Depends on the context.
For some relationships, the "when are they going to do it?" tension makes more sense. For others, the "what will they do next?" works better. It depends on what the author is trying to accomplish. If the characters are doing the "will we/won't we" dance, that can be fun as long as it's not overdone. And overdone it often is. I have been known to scream at the screen or book, "JUST KISS/DO HER ALREADY!"
But in general, either form of tension can work quite nicely.
I have been known to scream at the screen or book, "JUST KISS/DO HER ALREADY!"
It's one of my favorite types of tension, but good God, do I know what you mean. Sometimes, if it were a real book rather than my laptop, I would throw it across the room.

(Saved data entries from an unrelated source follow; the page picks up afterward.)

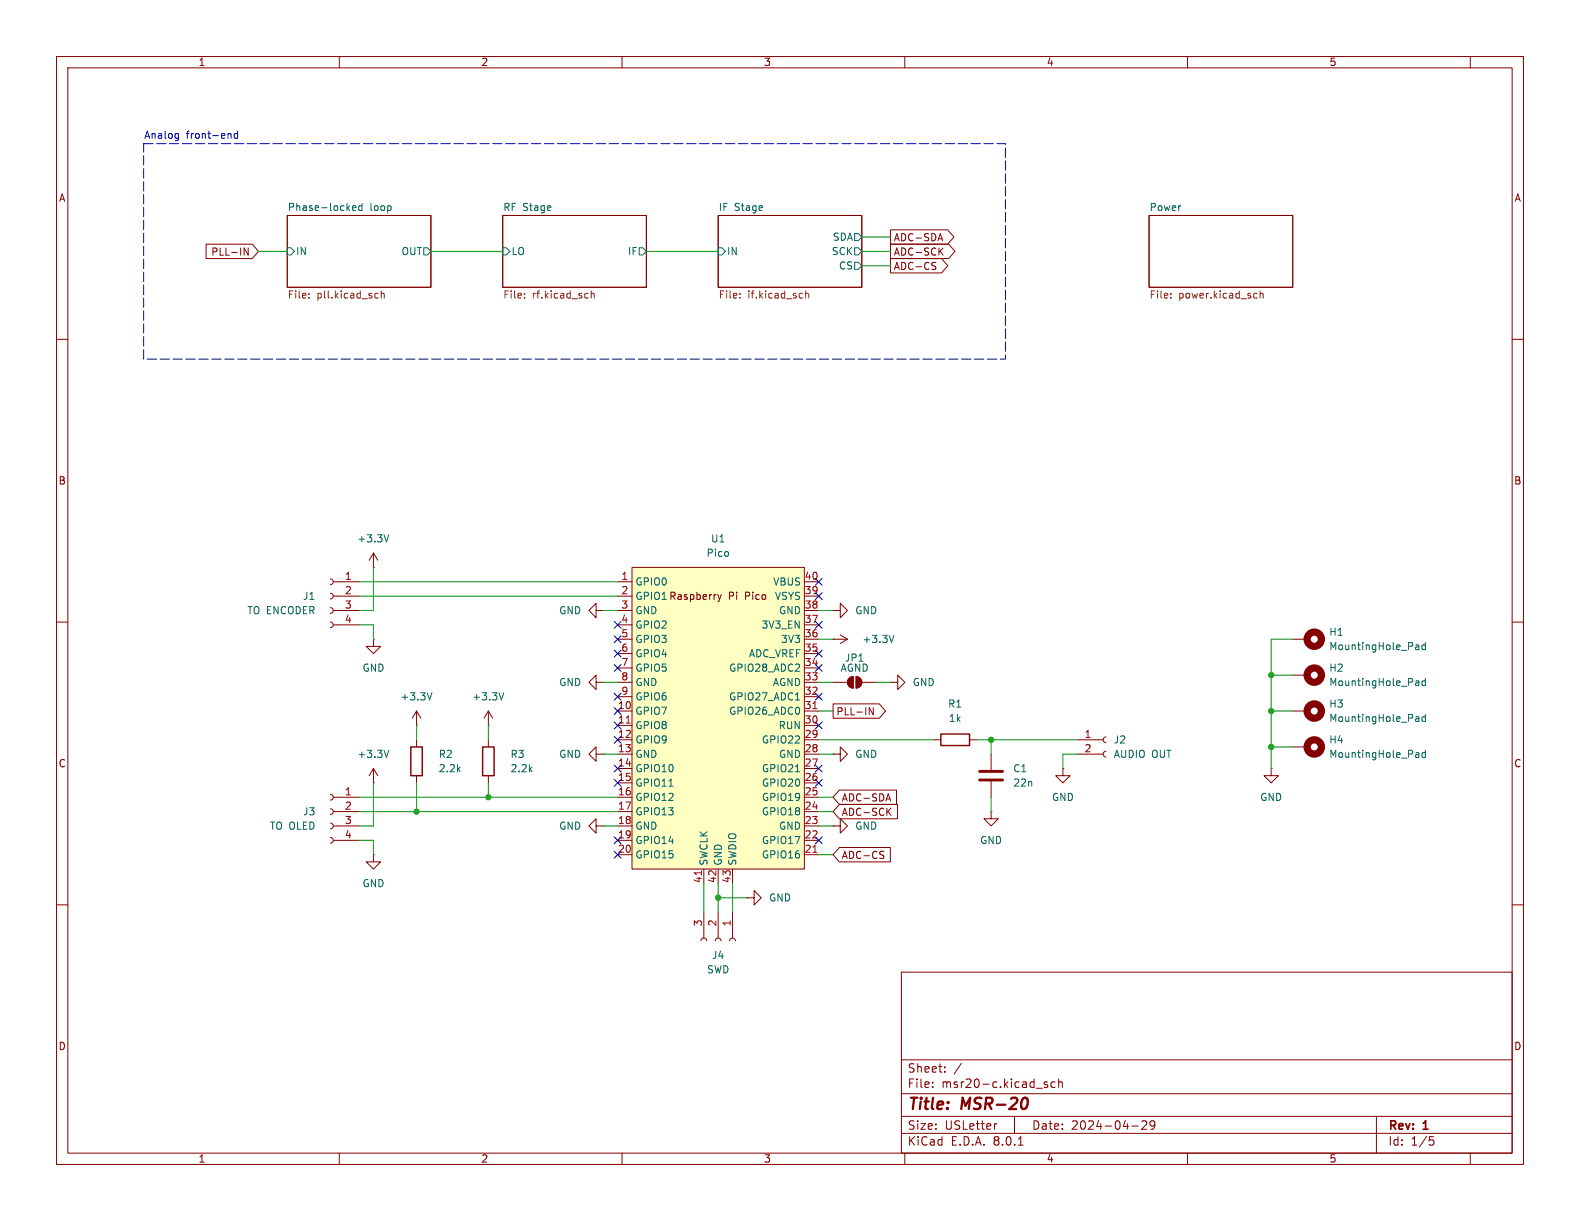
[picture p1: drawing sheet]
<svg xmlns="http://www.w3.org/2000/svg" width="279mm" height="216mm" viewBox="0 0 279 216" stroke-linecap="round" stroke-linejoin="round" font-family="sans-serif">
<g fill="none" stroke="#840000" stroke-width=".18">
<path d="M10 10h259.4v195.9h-259.4zM12 12h255.4v191.9h-255.4zM60 10v2M110 10v2M160 10v2M210 10v2M260 10v2M50.8 38.1h25.4v12.7h-25.4zM88.9 38.1h25.4v12.7h-25.4zM127 38.1h25.4v12.7h-25.4zM203.2 38.1h25.4v12.7h-25.4zM10 60h2"/>
<path d="M267.4 60h2M10 110h2M58.4 110l.4 .1 .1 .4-.1 .3-.4 .2M58.4 107.4l.4 .2 .1 .4-.1 .3-.4 .2M58.4 104.9l.4 .2 .1 .3-.1 .4-.4 .1M58.4 102.4l.4 .1 .1 .4-.1 .3-.4 .2M58.9 110.5h4.6M58.9 108h4.6M58.9 105.4h4.6M58.9 102.9h4.6M150.2 119.9l.7-.3v2.1a1.02 1.02 0 0 1-1-.7 1.02 1.02 0 0 1 .3-1.1zM151.4 119.6a1.02 1.02 0 0 1 1 1.1 1.02 1.02 0 0 1-1 1z"/>
<path d="M267.4 110h2M105.4 120.7v-1.3l-1.3 1.3 1.3 1.2v-1.2h1.3M106.7 120.7h.1M147.3 133.4h1.3v-1.3l1.3 1.3-1.3 1.2v-1.2M147.3 133.4h.1M147.3 120.7h2.6M152.4 120.7h2.5M190.5 133.4h4.6M190.5 130.8h4.6M195.6 132.8l-.4 .2-.1 .4 .1 .3 .4 .2M195.6 130.3l-.4 .2-.1 .3 .1 .4 .4 .1M224.8 135.9v1.3h1.3l-1.3 1.2-1.3-1.2h1.3"/>
<path d="M224.8 135.9h.1M10 160h2M147.3 146.1h1.3v-1.3l1.3 1.3-1.3 1.2v-1.2M147.3 146.1h.1M267.4 160h2M159.4 171.9h108v32h-108zM159.4 197.4h108M159.4 193.4h108M159.4 187.4h108M164.9 192.1v.2M164.9 191.4v.1M167.1 189.4v.2"/>
<path d="M167.1 188.7v.1M170 188l-1.3 1.9M176.3 198.7l-.3 .1M179.4 197.4v3M185.2 191.4l-.3-.1-.3 .2 .1 .2 .5 .2v.3h-.6M186.6 191.4l-.5-.1-.2 .3v.4l.1 .2h.6M187.2 191.4l.2-.1 .4 .1 .1 .9M187.2 190.8v1.5M200.1 199.1h1.2M201.9 198.3l.6-.1 .2 .1 .1 .3-.9 1.1h.9M204.2 198.8l-.3 .3h-.3l-.2-.3 .1-.5 .4-.1 .2 .1a.99 .99 0 0 1-.3 1.4h-.3M243.4 197.4v6.5"/>
<path d="M60 203.9v2M110 203.9v2M159.4 200.4h108M160 203.9v2M180.1 202.5h.8M210 203.9v2M252.8 201h.7M252.9 201.6h.4l.3 .2-.2 .6-.5 .1M260 203.9v2"/>
</g>
<path d="M181.4 194.1a1.3 1.3 0 0 1-.1 1.9" fill="none" stroke="#840000" stroke-width=".4"/>
<path d="M62.3 36.8l.6-.1v-.3h-.4l-.2 .2 .1 .6h.5M64 36.4h-.3l-.3 .2 .1 .6h.5M64 36v1.2M50.8 43.8h.6l.7 .7-.7 .6h-.6zM74.9 43.8h.7l.6 .7-.6 .6h-.7zM88.9 43.8h.6l.7 .7-.7 .6h-.6zM113 43.8h.7l.6 .7-.6 .6h-.7zM127 43.8h.6l.7 .7-.7 .6h-.6zM151.1 43.8h.7l.6 .7-.6 .6h-.7zM151.1 46.4h.7l.6 .6-.6 .6h-.7zM151.1 41.3h.7l.6 .6-.6 .6h-.7z" fill="none" stroke="#006464" stroke-width=".18"/>
<g fill="none" stroke="#725600" stroke-width=".18">
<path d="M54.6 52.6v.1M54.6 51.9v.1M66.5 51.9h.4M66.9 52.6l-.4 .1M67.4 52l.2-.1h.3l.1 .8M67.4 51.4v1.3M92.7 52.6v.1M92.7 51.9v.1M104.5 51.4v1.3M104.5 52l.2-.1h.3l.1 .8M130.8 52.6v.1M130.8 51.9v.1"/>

What is worse is once I was working on one of MY stories, and it seemed to be dragging. I was trying to *finally* get the two characters in bed together, and they were babbling on and on. I finally said out loud "Oh, for god's sake, Michael, would you shut up and f*ck her already?" Obviously, a rewrite was in order.
J.
Synonym
09-11-2009, 03:07 AM
Don't you just love it when the characters take over? Sometimes you have to get the whip out and threaten them before they start behaving.
thethinker42
09-11-2009, 03:09 AM
Don't you just love it when the characters take over? Sometimes you have to get the whip out and threaten them before they start behaving.
That only seems to egg my characters on. :D
Don't you just love it when the characters take over?
You know, I would, if they were jumping into bed having wild, kinky sex when I didn't expect it. But when they are talking about crap that could best be discussed later when they are supposed to be having sex...yeah, bring out the whip, or the mace or something. lol.
J.
Synonym
09-11-2009, 03:14 AM
Just have the gal say "Shut the *&^% up and do it already." Once you get it written down, the lump in the carpet will flatten out. Well, some lump will anyway.